Thanks! I think sharding is really interesting -- especially with a lightweight database like SQLite. I'm not looking for contributions right now but I would love to hear any feedback on the approach taken with LiteFS. I want to make it as easy to run as possible.

mandeepj · on July 26, 2022

I'd give LiteFS a run soon. SqlLite is cross-platform, but seems like LiteFS is not. True?

https://github.com/superfly/litefs

benbjohnson · on July 26, 2022

Yes, that's correct. It's Linux only right now although I'll probably support macOS too (via MacFUSE).

hobo_mark · on July 26, 2022

Tangentially related: I'd like to use litestream but my SQLite files are several gigabytes, is there a way to lazily download the db only once it's being accessed? (using something like userfaultfd maybe? just thinking out loud)

pkhuong · on July 27, 2022

Verneuil (https://github.com/backtrace-labs/verneuil) offers that for read replicas, because backtrace as well has some multi-GB sqlite DBs. It's a VFS (loadable at runtime as a sqlite extension), instead of a filesystem.

I don't remember if that's in the docs; commit that adds the configuration field https://github.com/backtrace-labs/verneuil/commit/027318ba74... and commit for the enum https://github.com/backtrace-labs/verneuil/blob/e6697498f3ba...

(the actual implementation is nothing special https://github.com/backtrace-labs/verneuil/commit/b6bdfcf7bc...)

Issue for the feature: https://github.com/backtrace-labs/verneuil/issues/12

benbjohnson · on July 26, 2022

I'm not sure how that could be implemented with Litestream since it runs as a separate process. It could be possible with LiteFS where it just pages in data on the fly. That's on the roadmap but it's probably still a ways out.

mandeepj · on July 26, 2022

> is there a way to lazily download the db only once it's being accessed?

Not sure what's your full scenario, because you mentioned "lazily download" so thought you might have a luck here https://news.ycombinator.com/item?id=27016630

tl;dr: using http range and a smaller page size - might be the way to go

ok_dad · on July 26, 2022

Very cool, you should add raft so every node could be the primary if the primary fails. You just need to add election and a few minor state things on top of what’s there already, I think.

vaxman · on July 27, 2022

LiteFS, a tool for edge-case data loss, unintended service hangs and data corruption /s

this kind of scheme was explored and naturally selected away in the pre-Internet networking era (whose applied knowledge was mostly lost and unavailable to newer generations after the boomer purge that began in the 2000 market crash) .. this kind of scheme should always be isolated to tightly coupled machines operating over fault tolerant and RELATIVELY high-speed links (like a cluster of boards interconnected via PCIe, fibre or Thunderbolt, each with [controller] ECC memory) not between WAN zones.

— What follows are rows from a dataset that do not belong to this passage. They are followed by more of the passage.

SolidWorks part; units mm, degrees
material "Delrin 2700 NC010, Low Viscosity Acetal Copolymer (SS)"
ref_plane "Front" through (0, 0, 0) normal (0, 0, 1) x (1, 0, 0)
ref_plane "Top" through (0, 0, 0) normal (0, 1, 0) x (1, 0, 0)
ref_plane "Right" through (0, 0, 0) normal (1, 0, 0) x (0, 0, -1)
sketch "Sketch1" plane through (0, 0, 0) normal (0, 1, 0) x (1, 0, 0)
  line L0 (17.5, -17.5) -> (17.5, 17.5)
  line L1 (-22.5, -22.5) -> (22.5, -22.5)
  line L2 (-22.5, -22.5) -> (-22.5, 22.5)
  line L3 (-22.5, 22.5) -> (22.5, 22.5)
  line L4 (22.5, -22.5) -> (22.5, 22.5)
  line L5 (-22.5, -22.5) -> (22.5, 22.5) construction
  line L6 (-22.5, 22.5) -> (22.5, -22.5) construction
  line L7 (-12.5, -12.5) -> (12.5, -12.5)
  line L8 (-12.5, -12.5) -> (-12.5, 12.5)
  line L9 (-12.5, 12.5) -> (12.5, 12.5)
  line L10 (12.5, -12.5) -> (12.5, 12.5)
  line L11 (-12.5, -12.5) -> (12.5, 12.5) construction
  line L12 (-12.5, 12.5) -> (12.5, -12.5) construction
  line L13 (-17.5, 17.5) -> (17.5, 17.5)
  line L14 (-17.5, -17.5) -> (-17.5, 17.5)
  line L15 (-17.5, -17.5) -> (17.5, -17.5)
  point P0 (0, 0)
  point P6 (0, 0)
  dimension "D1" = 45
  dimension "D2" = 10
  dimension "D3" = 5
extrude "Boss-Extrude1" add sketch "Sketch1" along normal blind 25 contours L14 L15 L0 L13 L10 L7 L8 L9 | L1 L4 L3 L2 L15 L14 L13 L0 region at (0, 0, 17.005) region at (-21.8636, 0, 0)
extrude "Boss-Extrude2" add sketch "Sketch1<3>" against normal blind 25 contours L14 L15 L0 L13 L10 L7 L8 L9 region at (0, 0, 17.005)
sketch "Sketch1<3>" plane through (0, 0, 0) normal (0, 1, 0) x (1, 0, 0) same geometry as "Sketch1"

But in a tightly-coupled cluster-type environment, better solutions would exist like Redis Cluster (and RediSQL) that could be further upgraded with some kind of shared pagefile.

But for testing near-obsolete non-serverless cloud code against edge-cases, consider building a testbed of 4 or 5 rPis talking to each other over (really) slow LoRA links ..then amp up the RFi, thermal and vibration procedures and add all the code to maintain the data integrity as you monitor for the various failure scenarios.

vluft · on July 27, 2022

looks pretty neat, and I'm a big fan of litestream, but I can't help but feel that requiring a 400k loc election mechanism (2 mil if you include deps) for your 180k loc database is slightly excessive.